# Confirmation of PCD



## mibmwx3 (Apr 22, 2011)

Did anyone receive a confirmation just prior to the PCD? 

I have tickets to fly out on Thursday to pick up my car at the BMW Performance Center in SC on Friday. Just happened to be looking at my dealer's website and see that my car is listed for sale. I'm sure that it is mine because it has my VIN number. My dealer is closed until Tuesday. I already paid for my new car and was going to sell my other car on Tuesday. 

Checked BMWUSA and it says that my car is at your BMW Center. Does it say that when it is as the PC? Would feel better if I was sure that my PCD was still on, but I haven't received anything from BMW for quite a while.


----------



## Technic (Jun 24, 2002)

mibmwx3 said:


> Did anyone receive a confirmation just prior to the PCD?
> 
> I have tickets to fly out on Thursday to pick up my car at the BMW Performance Center in SC on Friday. Just happened to be looking at my dealer's website and see that my car is listed for sale. *I'm sure that it is mine because it has my VIN number. *My dealer is closed until Tuesday. I already paid for my new car and was going to sell my other car on Tuesday.
> 
> Checked BMWUSA and it says that my car is at your BMW Center. Does it say that when it is as the PC? Would feel better if I was sure that my PCD was still on, but I haven't received anything from BMW for quite a while.


I *really* want to know the ending of this story...


----------



## mibmwx3 (Apr 22, 2011)

I've been told that some dealers auto-load cars into inventory. Hopefully this is just a false alarm. You'd think that they could remove them when they know they are already sold.


----------



## KenK_73 (Jan 31, 2011)

There was not a confirmation, but if you checked the BMWNA site it showed my vehicle at my BMW Center even though it was at the PDC. I did not hear anything from the PDC after I sent them my information, other than an email confirmation. Jonathan did our delivery, and does a fantastic job. You will enjoy your PDC experience!


----------



## mibmwx3 (Apr 22, 2011)

False alarm.
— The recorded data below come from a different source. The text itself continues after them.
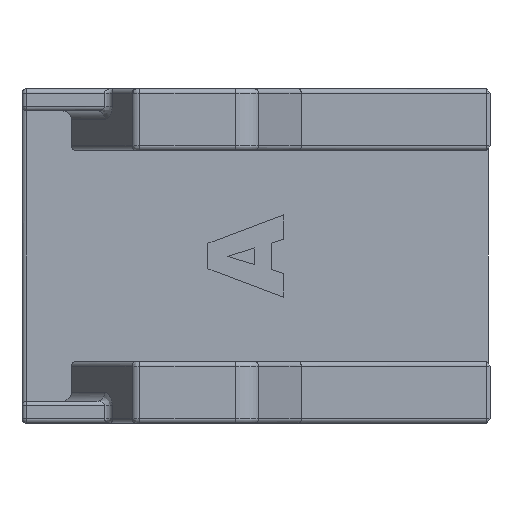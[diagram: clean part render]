
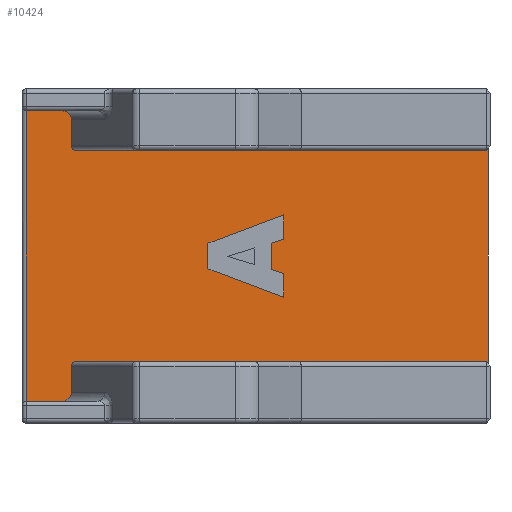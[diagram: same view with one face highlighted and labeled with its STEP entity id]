
A CAD part, left-side view. The second image highlights one B-rep face of the part: STEP entity #10424.
In plain terms, the highlighted planar face has unit normal (-1, 0, 0).
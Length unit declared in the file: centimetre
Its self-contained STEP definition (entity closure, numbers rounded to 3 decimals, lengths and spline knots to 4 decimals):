
#1095=ELLIPSE($,#11096,0.0577,0.05);
#1096=ELLIPSE($,#11097,0.1155,0.1);
#1097=ELLIPSE($,#11098,0.1155,0.1);
#1098=ELLIPSE($,#11099,0.0577,0.05);
#1259=FACE_BOUND($,#1962,.T.);
#1297=FACE_OUTER_BOUND($,#1961,.T.);
#1961=EDGE_LOOP($,(#6997,#6998,#6999,#7000,#7001,#7002,#7003,#7004,#7005,
#7006,#7007,#7008,#7009,#7010));
#1962=EDGE_LOOP($,(#7011,#7012,#7013,#7014,#7015,#7016,#7017,#7018));
#2642=LINE($,#14881,#3491);
#2646=LINE($,#14889,#3495);
#2649=LINE($,#14895,#3498);
#2652=LINE($,#14901,#3501);
#2664=LINE($,#14924,#3513);
#2666=LINE($,#14928,#3515);
#2668=LINE($,#14932,#3517);
#2670=LINE($,#14935,#3519);
#2671=LINE($,#14939,#3520);
#2672=LINE($,#14941,#3521);
#2673=LINE($,#14943,#3522);
#2674=LINE($,#14947,#3523);
#2675=LINE($,#14951,#3524);
#2676=LINE($,#14953,#3525);
#2677=LINE($,#14955,#3526);
#2678=LINE($,#14959,#3527);
#2679=LINE($,#14963,#3528);
#2680=LINE($,#14964,#3529);
#3491=VECTOR($,#12071,0.9177);
#3495=VECTOR($,#12077,0.2895);
#3498=VECTOR($,#12082,0.9176);
#3501=VECTOR($,#12087,0.278);
#3513=VECTOR($,#12107,0.1482);
#3515=VECTOR($,#12111,0.3013);
#3517=VECTOR($,#12115,0.1478);
#3519=VECTOR($,#12119,0.271);
#3520=VECTOR($,#12122,2.48);
#3521=VECTOR($,#12123,0.0567);
#3522=VECTOR($,#12124,4.6385);
#3523=VECTOR($,#12127,0.3);
#3524=VECTOR($,#12130,0.3963);
#3525=VECTOR($,#12131,3.3);
#3526=VECTOR($,#12132,0.3963);
#3527=VECTOR($,#12135,0.3);
#3528=VECTOR($,#12138,4.6385);
#3529=VECTOR($,#12139,0.0567);
#4340=VERTEX_POINT($,#14879);
#4341=VERTEX_POINT($,#14880);
#4344=VERTEX_POINT($,#14888);
#4346=VERTEX_POINT($,#14894);
#4348=VERTEX_POINT($,#14900);
#4355=VERTEX_POINT($,#14923);
#4356=VERTEX_POINT($,#14927);
#4357=VERTEX_POINT($,#14931);
#4358=VERTEX_POINT($,#14937);
#4359=VERTEX_POINT($,#14938);
#4360=VERTEX_POINT($,#14940);
#4361=VERTEX_POINT($,#14942);
#4362=VERTEX_POINT($,#14944);
#4363=VERTEX_POINT($,#14946);
#4364=VERTEX_POINT($,#14948);
#4365=VERTEX_POINT($,#14950);
#4366=VERTEX_POINT($,#14952);
#4367=VERTEX_POINT($,#14954);
#4368=VERTEX_POINT($,#14956);
#4369=VERTEX_POINT($,#14958);
#4370=VERTEX_POINT($,#14960);
#4371=VERTEX_POINT($,#14962);
#5314=EDGE_CURVE($,#4340,#4341,#2642,.T.);
#5318=EDGE_CURVE($,#4341,#4344,#2646,.T.);
#5321=EDGE_CURVE($,#4344,#4346,#2649,.T.);
#5324=EDGE_CURVE($,#4346,#4348,#2652,.T.);
#5336=EDGE_CURVE($,#4348,#4355,#2664,.T.);
#5338=EDGE_CURVE($,#4355,#4356,#2666,.T.);
#5340=EDGE_CURVE($,#4356,#4357,#2668,.T.);
#5342=EDGE_CURVE($,#4357,#4340,#2670,.T.);
#5343=EDGE_CURVE($,#4358,#4359,#2671,.F.);
#5344=EDGE_CURVE($,#4360,#4359,#2672,.F.);
#5345=EDGE_CURVE($,#4361,#4360,#2673,.T.);
#5346=EDGE_CURVE($,#4362,#4361,#1095,.F.);
#5347=EDGE_CURVE($,#4362,#4363,#2674,.T.);
#5348=EDGE_CURVE($,#4363,#4364,#1096,.T.);
#5349=EDGE_CURVE($,#4365,#4364,#2675,.T.);
#5350=EDGE_CURVE($,#4366,#4365,#2676,.T.);
#5351=EDGE_CURVE($,#4367,#4366,#2677,.T.);
#5352=EDGE_CURVE($,#4367,#4368,#1097,.T.);
#5353=EDGE_CURVE($,#4368,#4369,#2678,.T.);
#5354=EDGE_CURVE($,#4370,#4369,#1098,.F.);
#5355=EDGE_CURVE($,#4371,#4370,#2679,.T.);
#5356=EDGE_CURVE($,#4358,#4371,#2680,.F.);
#6997=ORIENTED_EDGE($,*,*,#5343,.T.);
#6998=ORIENTED_EDGE($,*,*,#5344,.F.);
#6999=ORIENTED_EDGE($,*,*,#5345,.F.);
#7000=ORIENTED_EDGE($,*,*,#5346,.F.);
#7001=ORIENTED_EDGE($,*,*,#5347,.T.);
#7002=ORIENTED_EDGE($,*,*,#5348,.T.);
#7003=ORIENTED_EDGE($,*,*,#5349,.F.);
#7004=ORIENTED_EDGE($,*,*,#5350,.F.);
#7005=ORIENTED_EDGE($,*,*,#5351,.F.);
#7006=ORIENTED_EDGE($,*,*,#5352,.T.);
#7007=ORIENTED_EDGE($,*,*,#5353,.T.);
#7008=ORIENTED_EDGE($,*,*,#5354,.F.);
#7009=ORIENTED_EDGE($,*,*,#5355,.F.);
#7010=ORIENTED_EDGE($,*,*,#5356,.F.);
#7011=ORIENTED_EDGE($,*,*,#5336,.T.);
#7012=ORIENTED_EDGE($,*,*,#5338,.T.);
#7013=ORIENTED_EDGE($,*,*,#5340,.T.);
#7014=ORIENTED_EDGE($,*,*,#5342,.T.);
#7015=ORIENTED_EDGE($,*,*,#5314,.T.);
#7016=ORIENTED_EDGE($,*,*,#5318,.T.);
#7017=ORIENTED_EDGE($,*,*,#5321,.T.);
#7018=ORIENTED_EDGE($,*,*,#5324,.T.);
#10218=PLANE($,#11095);
#10424=ADVANCED_FACE($,(#1297,#1259),#10218,.F.);
#11095=AXIS2_PLACEMENT_3D($,#14936,#12120,#12121);
#11096=AXIS2_PLACEMENT_3D($,#14945,#12125,#12126);
#11097=AXIS2_PLACEMENT_3D($,#14949,#12128,#12129);
#11098=AXIS2_PLACEMENT_3D($,#14957,#12133,#12134);
#11099=AXIS2_PLACEMENT_3D($,#14961,#12136,#12137);
#12071=DIRECTION($,(0.,0.936,0.352));
#12077=DIRECTION($,(0.,0.,1.));
#12082=DIRECTION($,(0.,-0.936,0.352));
#12087=DIRECTION($,(0.,0.,-1.));
#12107=DIRECTION($,(0.,0.957,-0.29));
#12111=DIRECTION($,(0.,0.,-1.));
#12115=DIRECTION($,(0.,-0.959,-0.283));
#12119=DIRECTION($,(0.,0.,-1.));
#12120=DIRECTION('center_axis',(1.,0.,0.));
#12121=DIRECTION('ref_axis',(0.,0.,-1.));
#12122=DIRECTION($,(0.,0.,-1.));
#12123=DIRECTION($,(0.,0.708,-0.706));
#12124=DIRECTION($,(0.,-1.,0.));
#12125=DIRECTION('center_axis',(1.,0.,0.));
#12126=DIRECTION('ref_axis',(0.,1.,0.));
#12127=DIRECTION($,(0.,0.,1.));
#12128=DIRECTION('center_axis',(-1.,0.,0.));
#12129=DIRECTION('ref_axis',(0.,-1.,0.));
#12130=DIRECTION($,(0.,-1.,0.));
#12131=DIRECTION($,(0.,0.,1.));
#12132=DIRECTION($,(0.,1.,0.));
#12133=DIRECTION('center_axis',(-1.,0.,0.));
#12134=DIRECTION('ref_axis',(0.,-1.,0.));
#12135=DIRECTION($,(0.,0.,1.));
#12136=DIRECTION('center_axis',(1.,0.,0.));
#12137=DIRECTION('ref_axis',(0.,1.,0.));
#12138=DIRECTION($,(0.,1.,0.));
#12139=DIRECTION($,(0.,-0.708,-0.706));
#14879=CARTESIAN_POINT('',(-8.24,-3.8006,-0.3682));
#14880=CARTESIAN_POINT('',(-8.24,-2.9416,-0.0453));
#14881=CARTESIAN_POINT($,(-8.24,-2.9932,-0.0647));
#14888=CARTESIAN_POINT('',(-8.24,-2.9416,0.2442));
#14889=CARTESIAN_POINT($,(-8.24,-2.9416,0.1721));
#14894=CARTESIAN_POINT('',(-8.24,-3.8006,0.567));
#14895=CARTESIAN_POINT($,(-8.24,-3.4229,0.4251));
#14900=CARTESIAN_POINT('',(-8.24,-3.8006,0.289));
#14901=CARTESIAN_POINT($,(-8.24,-3.8006,0.1945));
#14923=CARTESIAN_POINT('',(-8.24,-3.6588,0.246));
#14924=CARTESIAN_POINT($,(-8.24,-3.3891,0.1643));
#14927=CARTESIAN_POINT('',(-8.24,-3.6588,-0.0553));
#14928=CARTESIAN_POINT($,(-8.24,-3.6588,0.0223));
#14931=CARTESIAN_POINT('',(-8.24,-3.8006,-0.0972));
#14932=CARTESIAN_POINT($,(-8.24,-3.4581,0.0039));
#14935=CARTESIAN_POINT($,(-8.24,-3.8006,-0.1341));
#14936=CARTESIAN_POINT('Origin',(-8.24,-3.1141,0.1));
#14937=CARTESIAN_POINT('',(-8.24,-6.1271,-1.14));
#14938=CARTESIAN_POINT('',(-8.24,-6.1271,1.34));
#14939=CARTESIAN_POINT($,(-8.24,-6.1271,0.1));
#14940=CARTESIAN_POINT('',(-8.24,-6.0869,1.3));
#14941=CARTESIAN_POINT($,(-8.24,-4.9611,0.1784));
#14942=CARTESIAN_POINT('',(-8.24,-1.4485,1.3));
#14943=CARTESIAN_POINT($,(-8.24,-3.284,1.3));
#14944=CARTESIAN_POINT('',(-8.24,-1.3907,1.35));
#14945=CARTESIAN_POINT('Origin',(-8.24,-1.4485,1.35));
#14946=CARTESIAN_POINT('',(-8.24,-1.3907,1.65));
#14947=CARTESIAN_POINT($,(-8.24,-1.3907,-0.91));
#14948=CARTESIAN_POINT('',(-8.24,-1.2753,1.75));
#14949=CARTESIAN_POINT('Origin',(-8.24,-1.2753,1.65));
#14950=CARTESIAN_POINT('',(-8.24,-0.879,1.75));
#14951=CARTESIAN_POINT($,(-8.24,-3.284,1.75));
#14952=CARTESIAN_POINT('',(-8.24,-0.879,-1.55));
#14953=CARTESIAN_POINT($,(-8.24,-0.879,0.1));
#14954=CARTESIAN_POINT('',(-8.24,-1.2753,-1.55));
#14955=CARTESIAN_POINT($,(-8.24,-3.1547,-1.55));
#14956=CARTESIAN_POINT('',(-8.24,-1.3907,-1.45));
#14957=CARTESIAN_POINT('Origin',(-8.24,-1.2753,-1.45));
#14958=CARTESIAN_POINT('',(-8.24,-1.3907,-1.15));
#14959=CARTESIAN_POINT($,(-8.24,-1.3907,-0.91));
#14960=CARTESIAN_POINT('',(-8.24,-1.4485,-1.1));
#14961=CARTESIAN_POINT('Origin',(-8.24,-1.4485,-1.15));
#14962=CARTESIAN_POINT('',(-8.24,-6.0869,-1.1));
#14963=CARTESIAN_POINT($,(-8.24,-3.1547,-1.1));
#14964=CARTESIAN_POINT($,(-8.24,-5.0099,-0.027));

I heard back from my dealer today. My car is still in SC.


----------



## I-Won-Today (Feb 21, 2007)

Just an FYI for anyone else that may have this same question. 

You will only receive 1 confirmation email from us confirming the date you are scheduled to take delivery. We do recommend you wait until 3 weeks prior to that date before making travel arrangments and sending them to us incase there is a delay in transporting the vehicle.

The only time you will hear from us again prior to delivery is if there has been a delay in transport. We will then call you to discuss the possibilities. If we have to move your delivery date, you would receive another confirmation email stating the new date. Luckily this very rarely happens considering the volume of deliveries we have in a year.

All the vehicles we recieve and deliver still belong to your BMW Center. They show up in their inventory once the vehicle leaves distribution to be transported to our facility. It will reamain in their inventory until they mark it as sold. That should be done close to or on your delivery date as that will also start your warranty.

Hope that helps :thumbup:


----------



## mibmwx3 (Apr 22, 2011)

Thanks for the info. I worry too much, I know. Trait was passed to me by my mother. 

Looking forward to seeing you and my car on Friday.


----------